# Canon Powershot G15 problem - LCD is off while shooting, exposure compensation not...



## sethwotten

Hi folks,

I've been experimenting with my new G15 over the last few weeks. I was using the LCD screen to frame most of my pics while shooting. I recently changed a bunch of settings on it...for example....increasing the brightness of the LCD screen. Although I do not recall making any changes to intentionally turn off the LCD screen while shooting still shots, it has stopped displaying! It still displays the image being captured while in video modes, while also allowing me to view all of the menus, but it doesn't display while shooting stills.
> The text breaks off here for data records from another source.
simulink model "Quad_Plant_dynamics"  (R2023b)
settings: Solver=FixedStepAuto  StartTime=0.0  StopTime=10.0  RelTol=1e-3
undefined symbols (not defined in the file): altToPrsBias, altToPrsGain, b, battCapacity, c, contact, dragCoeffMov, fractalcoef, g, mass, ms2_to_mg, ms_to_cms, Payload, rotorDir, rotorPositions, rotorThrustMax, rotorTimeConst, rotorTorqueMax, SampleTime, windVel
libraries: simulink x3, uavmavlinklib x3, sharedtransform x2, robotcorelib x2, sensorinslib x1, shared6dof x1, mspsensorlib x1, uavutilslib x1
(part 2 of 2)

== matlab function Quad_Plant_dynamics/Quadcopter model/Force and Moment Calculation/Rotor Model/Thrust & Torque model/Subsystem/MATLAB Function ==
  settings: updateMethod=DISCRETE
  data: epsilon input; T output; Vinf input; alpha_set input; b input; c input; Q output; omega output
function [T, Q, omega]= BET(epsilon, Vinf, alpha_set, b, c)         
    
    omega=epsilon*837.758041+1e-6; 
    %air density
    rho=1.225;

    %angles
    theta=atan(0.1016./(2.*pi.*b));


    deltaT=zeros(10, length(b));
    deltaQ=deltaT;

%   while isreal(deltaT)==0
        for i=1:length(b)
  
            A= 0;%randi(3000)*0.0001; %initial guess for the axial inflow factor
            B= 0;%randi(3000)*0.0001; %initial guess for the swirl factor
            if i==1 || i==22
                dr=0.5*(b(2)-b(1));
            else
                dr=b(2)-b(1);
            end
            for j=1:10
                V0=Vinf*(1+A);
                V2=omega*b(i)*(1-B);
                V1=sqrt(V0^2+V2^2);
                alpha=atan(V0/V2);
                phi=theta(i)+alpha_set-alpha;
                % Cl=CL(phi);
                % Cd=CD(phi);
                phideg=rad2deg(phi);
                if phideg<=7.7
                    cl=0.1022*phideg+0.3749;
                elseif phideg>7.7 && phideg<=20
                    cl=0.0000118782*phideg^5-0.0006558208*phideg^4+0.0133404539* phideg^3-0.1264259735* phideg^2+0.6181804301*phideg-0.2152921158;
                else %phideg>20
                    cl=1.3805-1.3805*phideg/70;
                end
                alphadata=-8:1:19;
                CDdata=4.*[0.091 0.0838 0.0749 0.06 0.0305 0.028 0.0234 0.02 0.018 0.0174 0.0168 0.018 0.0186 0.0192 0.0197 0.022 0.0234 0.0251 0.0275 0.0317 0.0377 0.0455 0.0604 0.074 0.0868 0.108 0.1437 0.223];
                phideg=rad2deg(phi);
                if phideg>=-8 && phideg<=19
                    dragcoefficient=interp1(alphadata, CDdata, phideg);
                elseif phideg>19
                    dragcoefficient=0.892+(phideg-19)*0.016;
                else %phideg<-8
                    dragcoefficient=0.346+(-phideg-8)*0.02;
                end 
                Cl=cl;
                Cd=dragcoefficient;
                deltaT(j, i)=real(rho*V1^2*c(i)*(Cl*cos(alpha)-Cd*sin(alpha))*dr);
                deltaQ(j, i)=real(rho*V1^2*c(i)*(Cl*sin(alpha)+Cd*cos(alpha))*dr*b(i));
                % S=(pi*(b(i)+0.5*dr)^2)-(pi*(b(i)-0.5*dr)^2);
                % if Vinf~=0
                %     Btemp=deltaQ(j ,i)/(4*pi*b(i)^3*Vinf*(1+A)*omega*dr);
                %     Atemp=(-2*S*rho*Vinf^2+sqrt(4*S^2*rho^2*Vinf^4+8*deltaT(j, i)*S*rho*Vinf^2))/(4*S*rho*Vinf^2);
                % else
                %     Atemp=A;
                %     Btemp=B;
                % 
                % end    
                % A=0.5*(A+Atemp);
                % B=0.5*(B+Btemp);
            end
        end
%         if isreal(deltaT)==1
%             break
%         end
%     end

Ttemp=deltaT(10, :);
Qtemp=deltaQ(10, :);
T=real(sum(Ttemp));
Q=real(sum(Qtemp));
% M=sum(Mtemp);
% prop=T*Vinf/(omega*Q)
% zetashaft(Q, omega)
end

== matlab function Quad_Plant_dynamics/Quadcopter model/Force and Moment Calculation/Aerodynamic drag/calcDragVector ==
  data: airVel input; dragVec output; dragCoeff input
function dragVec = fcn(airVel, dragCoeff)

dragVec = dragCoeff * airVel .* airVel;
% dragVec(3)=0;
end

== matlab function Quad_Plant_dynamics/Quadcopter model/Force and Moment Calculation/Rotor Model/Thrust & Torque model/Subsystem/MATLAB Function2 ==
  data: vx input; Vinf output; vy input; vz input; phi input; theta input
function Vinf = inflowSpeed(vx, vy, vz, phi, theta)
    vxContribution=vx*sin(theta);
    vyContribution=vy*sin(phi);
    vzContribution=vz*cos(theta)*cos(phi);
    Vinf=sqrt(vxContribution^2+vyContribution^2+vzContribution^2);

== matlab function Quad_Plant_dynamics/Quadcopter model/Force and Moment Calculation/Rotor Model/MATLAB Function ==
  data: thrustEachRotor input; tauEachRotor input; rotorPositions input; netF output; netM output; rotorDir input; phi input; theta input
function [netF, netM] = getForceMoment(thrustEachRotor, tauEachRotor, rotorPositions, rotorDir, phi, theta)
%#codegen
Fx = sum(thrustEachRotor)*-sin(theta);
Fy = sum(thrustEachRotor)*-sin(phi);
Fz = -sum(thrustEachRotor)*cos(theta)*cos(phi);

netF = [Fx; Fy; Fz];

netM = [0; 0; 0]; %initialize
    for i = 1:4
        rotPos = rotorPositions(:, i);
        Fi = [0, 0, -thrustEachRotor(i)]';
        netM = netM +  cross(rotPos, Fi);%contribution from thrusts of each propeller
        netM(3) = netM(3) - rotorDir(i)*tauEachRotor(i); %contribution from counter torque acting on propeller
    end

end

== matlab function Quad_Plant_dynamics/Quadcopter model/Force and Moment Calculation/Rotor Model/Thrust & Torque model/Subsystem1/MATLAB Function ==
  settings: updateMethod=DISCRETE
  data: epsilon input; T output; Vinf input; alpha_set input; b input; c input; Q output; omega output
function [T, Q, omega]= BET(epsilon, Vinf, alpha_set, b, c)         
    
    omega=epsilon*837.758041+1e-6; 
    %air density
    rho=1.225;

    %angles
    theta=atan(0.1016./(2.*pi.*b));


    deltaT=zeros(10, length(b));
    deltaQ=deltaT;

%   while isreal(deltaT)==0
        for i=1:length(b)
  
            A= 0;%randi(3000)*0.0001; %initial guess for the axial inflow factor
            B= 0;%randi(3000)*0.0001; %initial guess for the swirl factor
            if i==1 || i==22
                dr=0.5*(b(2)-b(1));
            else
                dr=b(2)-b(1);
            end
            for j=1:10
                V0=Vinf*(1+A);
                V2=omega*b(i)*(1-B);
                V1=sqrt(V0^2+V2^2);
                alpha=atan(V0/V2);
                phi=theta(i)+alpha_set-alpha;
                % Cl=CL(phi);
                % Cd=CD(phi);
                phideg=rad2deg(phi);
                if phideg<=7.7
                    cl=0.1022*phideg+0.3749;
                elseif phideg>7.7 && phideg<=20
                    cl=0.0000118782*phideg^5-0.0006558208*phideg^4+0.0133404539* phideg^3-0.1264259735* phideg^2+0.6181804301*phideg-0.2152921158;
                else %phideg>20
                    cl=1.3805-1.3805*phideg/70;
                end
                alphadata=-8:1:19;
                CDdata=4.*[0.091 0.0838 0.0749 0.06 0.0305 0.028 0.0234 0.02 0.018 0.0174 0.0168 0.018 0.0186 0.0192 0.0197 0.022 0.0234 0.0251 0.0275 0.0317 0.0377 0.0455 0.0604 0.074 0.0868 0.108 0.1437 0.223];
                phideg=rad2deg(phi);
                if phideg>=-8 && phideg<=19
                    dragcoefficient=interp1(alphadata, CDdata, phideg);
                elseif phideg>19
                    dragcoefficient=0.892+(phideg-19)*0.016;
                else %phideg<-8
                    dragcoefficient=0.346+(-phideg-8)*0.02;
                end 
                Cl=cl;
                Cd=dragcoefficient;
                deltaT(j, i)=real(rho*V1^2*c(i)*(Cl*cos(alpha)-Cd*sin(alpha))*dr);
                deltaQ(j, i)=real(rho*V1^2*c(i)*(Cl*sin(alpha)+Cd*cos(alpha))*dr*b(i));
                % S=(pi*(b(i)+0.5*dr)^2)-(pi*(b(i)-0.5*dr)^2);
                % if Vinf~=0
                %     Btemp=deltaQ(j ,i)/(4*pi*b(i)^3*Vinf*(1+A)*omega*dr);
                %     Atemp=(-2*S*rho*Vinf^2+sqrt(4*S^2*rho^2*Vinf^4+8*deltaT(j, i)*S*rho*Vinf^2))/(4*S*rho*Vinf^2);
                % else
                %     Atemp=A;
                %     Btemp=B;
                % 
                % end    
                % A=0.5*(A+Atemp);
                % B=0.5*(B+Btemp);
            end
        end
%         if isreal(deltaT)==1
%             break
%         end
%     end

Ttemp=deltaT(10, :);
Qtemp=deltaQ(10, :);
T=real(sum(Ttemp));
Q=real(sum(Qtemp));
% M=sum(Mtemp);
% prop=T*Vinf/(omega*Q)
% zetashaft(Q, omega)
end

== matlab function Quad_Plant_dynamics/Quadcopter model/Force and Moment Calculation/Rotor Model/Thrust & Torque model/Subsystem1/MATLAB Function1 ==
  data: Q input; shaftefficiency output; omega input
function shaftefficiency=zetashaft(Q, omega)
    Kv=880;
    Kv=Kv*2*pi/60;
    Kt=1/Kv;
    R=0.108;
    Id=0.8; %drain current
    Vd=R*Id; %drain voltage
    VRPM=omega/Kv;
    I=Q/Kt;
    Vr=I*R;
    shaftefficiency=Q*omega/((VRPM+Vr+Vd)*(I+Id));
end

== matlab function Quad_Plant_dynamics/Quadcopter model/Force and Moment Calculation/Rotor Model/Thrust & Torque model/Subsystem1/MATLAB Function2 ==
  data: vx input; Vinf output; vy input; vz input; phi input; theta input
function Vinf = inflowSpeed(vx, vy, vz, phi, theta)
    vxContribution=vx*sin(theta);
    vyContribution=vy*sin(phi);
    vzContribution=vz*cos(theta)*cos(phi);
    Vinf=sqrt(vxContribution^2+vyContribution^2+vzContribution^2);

Is there some setting that I may have changed to turn it off? I couldn't find anything related to this in the instruction manual. Is there anyone that can help?

Also, the exposure compensation dial is having absolutely no effect on the image taken. It all looks identically exposed, whether taken at 0, -3, or +3. Anyone else having this problem? Is there something special that I need to do to activate it?

I'm pretty tech savvy and well versed with Canon cameras. I used to own a G12, and have owned a few of the Rebels. So, I am now considering that my camera is messed up in some way. Does anyone have any thoughts on this? I have another week or so to return it under the in-store warranty. But, I'm hoping that there are easy fixes to these problems.


----------



## bratkinson

I'm going to take a shot and say it's a firmware 'bug' in the G15. 

While my last G camera was a G-5 that I think I simply wore out, my latest, and greatest, 5D mark iii surprised me with a 'bug' when it 'decided' to not auto focus unless it was in "A" or "P" modes. I tried EVERYTHING I could find in the 20+ menu screens of settings that even remotely dealt with AF. I even tried removing the batteries (gripped) for a couple of hours, all without success.

The 'fix' turned out to be the menu option 'reset all to factory settings'. I can only surmise that some combination of settings, perhaps not dealing with autofocus, caused my problems. I suspect it's some kind of oddball combination you are experiencing in the G-15 as well. So, it may be worth a try. Just remember to write down or memorize the settings you have in the camera before you do the 'reset all' option.


----------



## TCampbell

Press the "Disp" button (the bottom portion of the wheel) a few times.  That cycles through a few different displays on the rear LCD and one of the modes is to switch the LCD off when shooting.


----------



## WeatherlyR

Tim, I just wanted to say I tested your advice on the G15, Display Off mode. 
I've had this happen to me twice, once this afternoon and would never have guessed I pressed the display button. I had just changed ISO and Exp override. 
That said, I took your advice and cycled Disp and that resolved the issue. 
I have been successful using Reset but I'm glad to know the reason for the camera behavior.


----------



## goodguy

Glad you got this issue resolved, I own the G15, most of the time my wife uses it, its a fantastic little camera!!!
I love how well its made and how good it feels in the hand.


----------



## soufiej

The newest cameras and, IMO, most especially those intending to be fool proof while appealing to a rather wide buyer group, have become rather complex and are quite easy to fool most users.  One compliant I have with my newest camera would be that one button doesn't always accomplish the same result.  Depending on other settings that one button might be doing this or it might be doing that.  Customized shooting modes do simplify much of this but, of course, you have to get to the point you know the camera well enough to build the custom settings.  Shortcut buttons can be extremely useful if you know how to apply them.  

IMO changing "a bunch of settings" all at once is likely to spell at least impending disaster until you really understand what you've done by changing just one.  Though you're tech savvy, dealing with camera menus is still a mess in many cases.  You might want to photocopy the section of the manual which gives the "Function and Menus Table" for quick reference.  Or you might want to carry one of these cheat sheets with you for at least the learning curve period of new camera ownership; PhotoBert Canon PowerShot G15 CheatSheet laminated short version instruction manual for Canon G15 Bert Sirkin 9780983451525 Amazon.com Books


----------



## kingsgraphic

sethwotten said:


> Hi folks,
> 
> I've been experimenting with my new G15 over the last few weeks. I was using the LCD screen to frame most of my pics while shooting. I recently changed a bunch of settings on it...for example....increasing the brightness of the LCD screen. Although I do not recall making any changes to intentionally turn off the LCD screen while shooting still shots, it has stopped displaying! It still displays the image being captured while in video modes, while also allowing me to view all of the menus, but it doesn't display while shooting stills. Is there some setting that I may have changed to turn it off? I couldn't find anything related to this in the instruction manual. Is there anyone that can help?
> 
> This thread is quite old now but I guess there are thousands of G15's out there.
> The display can get turned-off by pressing the bottom segment of the command dial. It's marked DISP.
> Also in the menu system there is a CUSTOM DISPLAY option which, by ticking boxes, allows grid lines or info options to appear in each of the switched display modes (by multiple presses of DISP.). The third mode is no image - blank screen - if like me you like to use the optical viewfinder most of the time.
> What I find odd is that, if you have all info options on, you always get the video time and resolution option showing, even when taking stills. Can be distracting.


----------